Search code examples
google-bigquerybigquery-udf

pass an ARRAY<STRUCT> to a js UDF in bigquery sql


I'm trying to get data from some tables, and pass them to a JavaScript UDF in bigquery.

I wrote the following code but I can't seem to understand the correct syntax to to store the result of my select in the wanted structure, then how to pass it to my udf function.

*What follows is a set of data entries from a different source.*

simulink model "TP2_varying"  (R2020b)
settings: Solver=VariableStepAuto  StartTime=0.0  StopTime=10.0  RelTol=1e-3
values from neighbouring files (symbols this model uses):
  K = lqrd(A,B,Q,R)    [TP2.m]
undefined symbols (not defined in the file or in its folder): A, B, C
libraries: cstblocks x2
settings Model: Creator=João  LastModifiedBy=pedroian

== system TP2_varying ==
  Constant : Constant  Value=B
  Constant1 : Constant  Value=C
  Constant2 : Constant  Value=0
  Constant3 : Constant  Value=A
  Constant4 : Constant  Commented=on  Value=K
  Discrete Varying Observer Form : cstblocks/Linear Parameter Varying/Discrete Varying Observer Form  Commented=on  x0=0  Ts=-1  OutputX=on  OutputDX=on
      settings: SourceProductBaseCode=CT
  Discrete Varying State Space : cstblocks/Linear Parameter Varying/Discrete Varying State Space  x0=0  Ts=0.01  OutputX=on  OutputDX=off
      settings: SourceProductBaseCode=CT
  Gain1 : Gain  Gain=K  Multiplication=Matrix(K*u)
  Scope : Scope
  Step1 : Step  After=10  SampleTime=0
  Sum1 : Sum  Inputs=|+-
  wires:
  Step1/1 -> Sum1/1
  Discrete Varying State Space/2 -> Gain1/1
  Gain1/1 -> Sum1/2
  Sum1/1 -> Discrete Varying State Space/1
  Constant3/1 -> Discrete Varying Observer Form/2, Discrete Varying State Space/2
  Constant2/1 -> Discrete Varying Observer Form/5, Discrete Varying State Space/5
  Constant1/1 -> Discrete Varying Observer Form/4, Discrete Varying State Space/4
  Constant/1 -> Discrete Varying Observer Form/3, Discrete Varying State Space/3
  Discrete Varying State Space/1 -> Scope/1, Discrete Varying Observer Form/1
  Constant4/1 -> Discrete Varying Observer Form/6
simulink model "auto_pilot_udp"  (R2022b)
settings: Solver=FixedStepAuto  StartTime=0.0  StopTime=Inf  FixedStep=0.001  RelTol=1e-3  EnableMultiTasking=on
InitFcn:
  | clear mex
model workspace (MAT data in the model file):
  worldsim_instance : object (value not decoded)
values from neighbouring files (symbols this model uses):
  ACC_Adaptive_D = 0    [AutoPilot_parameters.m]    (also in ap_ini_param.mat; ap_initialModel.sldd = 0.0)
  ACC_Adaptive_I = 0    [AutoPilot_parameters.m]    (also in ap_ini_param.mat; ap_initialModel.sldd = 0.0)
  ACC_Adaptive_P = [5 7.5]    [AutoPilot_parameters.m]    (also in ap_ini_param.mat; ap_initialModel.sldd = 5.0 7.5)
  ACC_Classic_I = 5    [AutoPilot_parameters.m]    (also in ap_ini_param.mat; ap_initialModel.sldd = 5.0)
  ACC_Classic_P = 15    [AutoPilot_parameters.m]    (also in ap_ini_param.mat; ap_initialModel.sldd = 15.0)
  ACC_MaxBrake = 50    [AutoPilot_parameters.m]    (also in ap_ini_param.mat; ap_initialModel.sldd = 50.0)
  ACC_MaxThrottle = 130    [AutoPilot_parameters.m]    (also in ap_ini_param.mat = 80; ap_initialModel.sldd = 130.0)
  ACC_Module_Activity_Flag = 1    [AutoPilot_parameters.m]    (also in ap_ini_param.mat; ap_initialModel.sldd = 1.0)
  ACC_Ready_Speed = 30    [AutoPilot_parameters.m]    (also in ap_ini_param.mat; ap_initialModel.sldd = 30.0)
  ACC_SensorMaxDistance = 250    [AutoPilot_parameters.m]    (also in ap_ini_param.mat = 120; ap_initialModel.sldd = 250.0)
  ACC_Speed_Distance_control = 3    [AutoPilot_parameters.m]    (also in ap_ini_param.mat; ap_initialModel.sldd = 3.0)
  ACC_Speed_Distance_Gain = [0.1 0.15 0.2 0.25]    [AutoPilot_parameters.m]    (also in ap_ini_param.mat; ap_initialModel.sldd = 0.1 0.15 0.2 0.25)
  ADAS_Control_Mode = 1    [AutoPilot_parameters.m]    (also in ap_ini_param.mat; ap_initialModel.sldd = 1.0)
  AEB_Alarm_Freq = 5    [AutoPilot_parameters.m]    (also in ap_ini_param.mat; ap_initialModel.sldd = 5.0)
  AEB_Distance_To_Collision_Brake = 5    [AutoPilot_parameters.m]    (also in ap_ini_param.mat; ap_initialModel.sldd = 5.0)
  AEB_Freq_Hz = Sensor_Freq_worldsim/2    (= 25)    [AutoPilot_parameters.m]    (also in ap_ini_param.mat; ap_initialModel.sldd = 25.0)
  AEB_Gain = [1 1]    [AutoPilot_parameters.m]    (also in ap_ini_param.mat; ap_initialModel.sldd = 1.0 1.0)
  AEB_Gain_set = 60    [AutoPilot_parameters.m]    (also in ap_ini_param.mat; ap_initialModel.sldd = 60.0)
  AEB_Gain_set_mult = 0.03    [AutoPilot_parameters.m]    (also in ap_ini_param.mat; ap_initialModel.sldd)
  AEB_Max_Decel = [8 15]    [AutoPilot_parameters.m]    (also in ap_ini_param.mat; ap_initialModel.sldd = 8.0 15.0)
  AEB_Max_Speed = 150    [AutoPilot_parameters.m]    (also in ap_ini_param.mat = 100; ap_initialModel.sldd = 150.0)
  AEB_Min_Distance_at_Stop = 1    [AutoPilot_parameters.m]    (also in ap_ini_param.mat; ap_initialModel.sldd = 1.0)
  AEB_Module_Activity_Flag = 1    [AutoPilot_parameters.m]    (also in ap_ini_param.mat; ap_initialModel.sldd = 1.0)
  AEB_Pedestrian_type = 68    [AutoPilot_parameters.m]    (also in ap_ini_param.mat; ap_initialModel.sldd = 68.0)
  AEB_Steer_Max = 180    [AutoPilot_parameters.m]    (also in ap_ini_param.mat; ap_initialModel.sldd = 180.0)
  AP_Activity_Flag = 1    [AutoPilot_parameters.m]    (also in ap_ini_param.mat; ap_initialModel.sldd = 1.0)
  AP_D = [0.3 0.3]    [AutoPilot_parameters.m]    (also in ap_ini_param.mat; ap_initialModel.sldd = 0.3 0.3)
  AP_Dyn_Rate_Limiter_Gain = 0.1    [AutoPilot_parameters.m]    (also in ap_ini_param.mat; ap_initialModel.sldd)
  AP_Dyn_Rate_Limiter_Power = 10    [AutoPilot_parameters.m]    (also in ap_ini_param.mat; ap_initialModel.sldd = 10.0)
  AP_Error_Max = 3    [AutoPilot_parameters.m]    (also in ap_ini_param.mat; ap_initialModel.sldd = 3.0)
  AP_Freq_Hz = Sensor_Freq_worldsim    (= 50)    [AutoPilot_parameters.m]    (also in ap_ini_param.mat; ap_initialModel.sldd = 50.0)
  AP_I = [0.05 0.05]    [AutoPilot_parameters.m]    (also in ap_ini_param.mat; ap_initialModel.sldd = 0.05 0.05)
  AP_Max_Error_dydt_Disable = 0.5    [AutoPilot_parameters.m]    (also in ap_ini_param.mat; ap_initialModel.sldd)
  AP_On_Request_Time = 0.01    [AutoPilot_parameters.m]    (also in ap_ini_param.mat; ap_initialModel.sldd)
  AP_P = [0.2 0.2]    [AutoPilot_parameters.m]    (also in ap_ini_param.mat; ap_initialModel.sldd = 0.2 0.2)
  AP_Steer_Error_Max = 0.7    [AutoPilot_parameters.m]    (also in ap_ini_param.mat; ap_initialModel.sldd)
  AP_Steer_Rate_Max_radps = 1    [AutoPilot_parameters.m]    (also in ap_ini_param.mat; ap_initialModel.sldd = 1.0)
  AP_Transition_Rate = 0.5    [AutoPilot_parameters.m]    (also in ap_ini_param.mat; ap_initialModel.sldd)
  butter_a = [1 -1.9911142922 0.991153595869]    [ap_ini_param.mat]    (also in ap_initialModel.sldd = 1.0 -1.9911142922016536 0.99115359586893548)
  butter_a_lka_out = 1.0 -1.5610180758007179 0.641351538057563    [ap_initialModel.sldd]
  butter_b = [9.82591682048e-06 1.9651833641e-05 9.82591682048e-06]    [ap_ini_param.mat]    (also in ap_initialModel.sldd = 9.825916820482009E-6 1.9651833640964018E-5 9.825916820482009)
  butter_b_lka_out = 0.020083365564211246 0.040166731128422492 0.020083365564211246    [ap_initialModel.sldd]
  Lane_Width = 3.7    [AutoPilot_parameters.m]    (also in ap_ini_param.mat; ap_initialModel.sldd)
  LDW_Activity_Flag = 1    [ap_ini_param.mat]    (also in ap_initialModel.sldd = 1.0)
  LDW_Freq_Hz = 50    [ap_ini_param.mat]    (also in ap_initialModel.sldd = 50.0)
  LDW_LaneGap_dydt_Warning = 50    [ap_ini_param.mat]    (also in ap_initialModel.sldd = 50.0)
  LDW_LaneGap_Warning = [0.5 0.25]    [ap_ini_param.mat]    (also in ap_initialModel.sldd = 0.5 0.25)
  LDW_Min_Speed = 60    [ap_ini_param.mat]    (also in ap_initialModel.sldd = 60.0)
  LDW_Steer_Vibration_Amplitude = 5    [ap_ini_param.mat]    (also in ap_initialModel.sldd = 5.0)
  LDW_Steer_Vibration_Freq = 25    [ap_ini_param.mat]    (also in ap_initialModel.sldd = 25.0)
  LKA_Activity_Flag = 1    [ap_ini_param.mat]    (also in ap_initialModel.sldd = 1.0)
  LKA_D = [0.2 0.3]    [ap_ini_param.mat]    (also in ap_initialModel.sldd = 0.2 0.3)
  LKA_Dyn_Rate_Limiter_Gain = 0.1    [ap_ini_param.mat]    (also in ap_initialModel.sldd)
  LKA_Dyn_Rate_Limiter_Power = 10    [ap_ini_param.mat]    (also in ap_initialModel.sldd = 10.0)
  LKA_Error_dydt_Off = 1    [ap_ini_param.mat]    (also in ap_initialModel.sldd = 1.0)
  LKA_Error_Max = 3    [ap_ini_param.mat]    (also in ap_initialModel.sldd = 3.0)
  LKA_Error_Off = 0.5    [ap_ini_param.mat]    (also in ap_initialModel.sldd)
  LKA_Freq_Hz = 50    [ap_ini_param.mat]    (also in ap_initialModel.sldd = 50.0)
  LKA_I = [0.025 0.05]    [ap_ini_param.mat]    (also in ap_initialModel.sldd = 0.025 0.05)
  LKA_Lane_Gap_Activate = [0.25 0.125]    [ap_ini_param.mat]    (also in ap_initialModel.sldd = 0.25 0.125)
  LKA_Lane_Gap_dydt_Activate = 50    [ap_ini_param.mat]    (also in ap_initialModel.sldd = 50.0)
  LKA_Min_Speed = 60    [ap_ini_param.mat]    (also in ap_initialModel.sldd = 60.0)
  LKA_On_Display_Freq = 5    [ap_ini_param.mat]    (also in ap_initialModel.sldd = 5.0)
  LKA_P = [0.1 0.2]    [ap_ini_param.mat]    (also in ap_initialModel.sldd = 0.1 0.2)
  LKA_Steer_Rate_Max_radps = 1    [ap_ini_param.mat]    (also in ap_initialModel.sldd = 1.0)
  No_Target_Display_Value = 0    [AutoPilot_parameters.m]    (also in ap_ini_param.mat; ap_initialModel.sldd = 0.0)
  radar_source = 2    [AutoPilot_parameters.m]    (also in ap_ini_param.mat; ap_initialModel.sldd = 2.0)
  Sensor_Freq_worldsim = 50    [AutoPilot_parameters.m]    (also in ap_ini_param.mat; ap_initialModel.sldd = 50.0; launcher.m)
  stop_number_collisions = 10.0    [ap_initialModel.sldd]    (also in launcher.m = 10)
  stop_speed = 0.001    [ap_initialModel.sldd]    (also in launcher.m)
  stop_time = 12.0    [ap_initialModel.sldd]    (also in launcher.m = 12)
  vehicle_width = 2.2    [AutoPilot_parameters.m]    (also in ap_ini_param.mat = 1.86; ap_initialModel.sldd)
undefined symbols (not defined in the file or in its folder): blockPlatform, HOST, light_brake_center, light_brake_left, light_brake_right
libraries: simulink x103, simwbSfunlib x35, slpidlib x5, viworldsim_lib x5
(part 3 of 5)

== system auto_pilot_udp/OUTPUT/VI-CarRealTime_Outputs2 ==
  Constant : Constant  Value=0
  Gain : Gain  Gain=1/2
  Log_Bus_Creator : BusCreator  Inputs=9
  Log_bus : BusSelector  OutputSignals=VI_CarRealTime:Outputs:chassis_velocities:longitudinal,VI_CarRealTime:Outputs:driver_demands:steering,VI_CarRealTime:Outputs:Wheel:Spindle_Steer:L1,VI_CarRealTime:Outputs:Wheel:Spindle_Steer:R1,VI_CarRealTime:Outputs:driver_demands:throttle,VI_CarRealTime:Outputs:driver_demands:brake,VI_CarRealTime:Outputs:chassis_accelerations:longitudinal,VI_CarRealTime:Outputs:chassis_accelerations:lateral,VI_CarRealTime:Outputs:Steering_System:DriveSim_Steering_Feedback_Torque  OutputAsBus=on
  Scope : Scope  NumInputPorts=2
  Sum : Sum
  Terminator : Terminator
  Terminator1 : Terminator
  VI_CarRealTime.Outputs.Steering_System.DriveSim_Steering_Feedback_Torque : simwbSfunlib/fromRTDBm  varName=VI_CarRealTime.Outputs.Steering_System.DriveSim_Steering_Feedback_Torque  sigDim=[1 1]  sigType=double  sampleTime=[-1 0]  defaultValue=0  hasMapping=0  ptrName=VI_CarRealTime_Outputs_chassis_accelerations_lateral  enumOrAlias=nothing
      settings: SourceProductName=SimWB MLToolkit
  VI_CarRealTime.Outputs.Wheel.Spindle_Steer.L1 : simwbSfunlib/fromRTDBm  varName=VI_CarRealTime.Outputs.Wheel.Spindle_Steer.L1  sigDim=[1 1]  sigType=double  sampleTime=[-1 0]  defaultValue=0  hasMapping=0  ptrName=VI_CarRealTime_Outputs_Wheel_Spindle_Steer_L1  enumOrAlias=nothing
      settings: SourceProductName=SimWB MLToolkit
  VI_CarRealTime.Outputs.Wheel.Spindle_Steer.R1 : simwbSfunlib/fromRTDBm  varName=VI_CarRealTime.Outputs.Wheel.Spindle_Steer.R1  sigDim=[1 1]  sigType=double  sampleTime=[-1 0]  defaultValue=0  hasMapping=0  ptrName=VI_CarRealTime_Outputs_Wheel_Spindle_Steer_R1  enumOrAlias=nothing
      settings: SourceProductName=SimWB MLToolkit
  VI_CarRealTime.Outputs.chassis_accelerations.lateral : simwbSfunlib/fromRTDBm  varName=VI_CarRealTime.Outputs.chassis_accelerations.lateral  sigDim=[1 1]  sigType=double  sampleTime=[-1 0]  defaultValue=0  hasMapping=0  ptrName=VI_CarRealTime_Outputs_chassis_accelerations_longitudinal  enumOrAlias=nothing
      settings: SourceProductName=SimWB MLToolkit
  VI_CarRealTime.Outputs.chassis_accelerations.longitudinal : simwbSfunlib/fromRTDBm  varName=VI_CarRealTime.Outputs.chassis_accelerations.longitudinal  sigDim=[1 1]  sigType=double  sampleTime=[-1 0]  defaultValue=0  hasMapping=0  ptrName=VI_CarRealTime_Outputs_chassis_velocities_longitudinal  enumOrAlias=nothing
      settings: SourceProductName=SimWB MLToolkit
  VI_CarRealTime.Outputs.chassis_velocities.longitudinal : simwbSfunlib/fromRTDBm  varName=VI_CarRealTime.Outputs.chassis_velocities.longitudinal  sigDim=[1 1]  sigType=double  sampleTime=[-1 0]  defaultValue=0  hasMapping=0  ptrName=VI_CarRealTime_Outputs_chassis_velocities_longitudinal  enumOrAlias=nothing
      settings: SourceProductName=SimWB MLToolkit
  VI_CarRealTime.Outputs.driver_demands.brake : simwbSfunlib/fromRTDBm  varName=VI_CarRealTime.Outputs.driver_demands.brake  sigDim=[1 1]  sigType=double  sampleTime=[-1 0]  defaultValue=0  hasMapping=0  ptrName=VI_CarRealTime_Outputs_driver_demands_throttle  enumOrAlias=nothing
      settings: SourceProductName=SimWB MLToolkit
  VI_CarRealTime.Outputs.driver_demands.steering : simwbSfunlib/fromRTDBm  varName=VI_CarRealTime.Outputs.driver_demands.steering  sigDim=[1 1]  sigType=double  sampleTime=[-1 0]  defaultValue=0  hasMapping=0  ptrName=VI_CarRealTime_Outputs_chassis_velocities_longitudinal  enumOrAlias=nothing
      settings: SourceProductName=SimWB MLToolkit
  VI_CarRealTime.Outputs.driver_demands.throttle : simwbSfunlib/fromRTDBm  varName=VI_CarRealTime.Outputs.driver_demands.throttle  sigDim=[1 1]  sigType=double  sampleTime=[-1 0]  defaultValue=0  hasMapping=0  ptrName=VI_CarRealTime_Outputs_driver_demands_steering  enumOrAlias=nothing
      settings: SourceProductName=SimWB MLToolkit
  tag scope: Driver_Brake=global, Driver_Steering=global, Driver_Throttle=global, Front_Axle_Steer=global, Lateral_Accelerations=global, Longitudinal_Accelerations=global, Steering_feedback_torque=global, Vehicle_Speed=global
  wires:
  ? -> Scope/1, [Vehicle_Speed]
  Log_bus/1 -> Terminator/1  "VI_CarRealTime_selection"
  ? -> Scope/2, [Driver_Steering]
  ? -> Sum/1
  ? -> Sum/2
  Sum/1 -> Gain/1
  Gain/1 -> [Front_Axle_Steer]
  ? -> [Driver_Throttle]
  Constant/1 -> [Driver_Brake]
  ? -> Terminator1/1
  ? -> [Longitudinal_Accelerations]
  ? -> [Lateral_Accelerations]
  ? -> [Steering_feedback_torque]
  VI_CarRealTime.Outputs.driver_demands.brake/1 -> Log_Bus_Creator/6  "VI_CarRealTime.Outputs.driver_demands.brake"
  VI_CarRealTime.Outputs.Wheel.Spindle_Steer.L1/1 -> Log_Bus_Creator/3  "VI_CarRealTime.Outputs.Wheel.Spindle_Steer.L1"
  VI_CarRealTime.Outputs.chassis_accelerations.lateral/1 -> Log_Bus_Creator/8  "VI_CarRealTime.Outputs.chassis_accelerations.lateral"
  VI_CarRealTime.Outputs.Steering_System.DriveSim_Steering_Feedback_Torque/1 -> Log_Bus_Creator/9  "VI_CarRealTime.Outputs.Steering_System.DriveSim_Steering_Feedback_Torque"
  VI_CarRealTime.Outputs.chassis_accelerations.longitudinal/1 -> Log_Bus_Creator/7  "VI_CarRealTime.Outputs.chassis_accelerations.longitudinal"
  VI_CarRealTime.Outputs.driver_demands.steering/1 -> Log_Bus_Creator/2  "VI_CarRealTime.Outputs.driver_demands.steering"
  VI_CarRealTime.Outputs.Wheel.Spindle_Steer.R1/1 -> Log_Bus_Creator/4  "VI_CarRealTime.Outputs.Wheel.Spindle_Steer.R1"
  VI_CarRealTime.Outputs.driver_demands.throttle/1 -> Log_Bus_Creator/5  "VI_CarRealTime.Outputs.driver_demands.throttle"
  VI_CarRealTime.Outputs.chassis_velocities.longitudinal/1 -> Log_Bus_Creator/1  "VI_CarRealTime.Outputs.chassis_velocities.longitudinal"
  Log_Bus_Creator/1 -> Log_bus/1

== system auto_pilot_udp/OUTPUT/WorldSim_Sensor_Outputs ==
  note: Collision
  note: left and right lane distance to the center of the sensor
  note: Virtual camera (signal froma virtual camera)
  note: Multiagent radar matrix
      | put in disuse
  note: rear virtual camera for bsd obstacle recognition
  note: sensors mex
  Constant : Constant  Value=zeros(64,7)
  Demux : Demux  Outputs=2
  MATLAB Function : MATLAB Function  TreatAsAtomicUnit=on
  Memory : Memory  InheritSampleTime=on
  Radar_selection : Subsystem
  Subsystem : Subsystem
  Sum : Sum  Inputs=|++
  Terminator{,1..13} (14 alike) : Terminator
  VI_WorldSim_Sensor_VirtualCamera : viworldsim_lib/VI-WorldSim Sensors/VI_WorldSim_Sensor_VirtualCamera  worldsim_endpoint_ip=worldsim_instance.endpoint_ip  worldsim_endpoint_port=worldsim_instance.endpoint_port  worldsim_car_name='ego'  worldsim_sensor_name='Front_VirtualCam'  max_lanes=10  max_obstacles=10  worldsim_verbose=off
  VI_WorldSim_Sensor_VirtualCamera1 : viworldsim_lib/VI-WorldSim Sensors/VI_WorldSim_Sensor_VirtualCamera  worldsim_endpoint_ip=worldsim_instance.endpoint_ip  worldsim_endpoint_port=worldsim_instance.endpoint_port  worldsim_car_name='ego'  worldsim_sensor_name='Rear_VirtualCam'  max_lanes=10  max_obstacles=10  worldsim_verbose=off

DECLARE arg1 ARRAY<STRING>;
DECLARE arg2 ARRAY<STRUCT <col1 STRING, col2 STRING> >;
DECLARE res1 ARRAY<STRING>;

SET arg1 = ARRAY<STRING>["Adams", "Joseph", "Davis", "Mary", "Jesus"] ;


CREATE TEMP FUNCTION  myfunction(arg1 ARRAY<STRING> , arg2 ARRAY<STRUCT<col1 STRING, col2 STRING> > ) 
RETURNS ARRAY<STRING>
LANGUAGE js AS '''
return ["a", "b", "c"]
''';

SET ARG2 = (SELECT AS STRUCT(
WITH TBL1 AS
 (SELECT 'Adams' as LastName, 50 as SchoolID UNION ALL
  SELECT 'Buchanan', 52 UNION ALL
  SELECT 'Coolidge', 52 UNION ALL
  SELECT 'Davis', 51 UNION ALL
  SELECT 'Eisenhower', 77)
SELECT LastName as col1, SchoolID as col2 FROM TBL1));

SET res1 = select res FROM UNNEST(myfunction( arg1, arg2 )) res;

Solution

  • There are a few syntax errors with the code you shared but based on the procedural logic, I've made a few adjustments to a more declarative style and corrected these.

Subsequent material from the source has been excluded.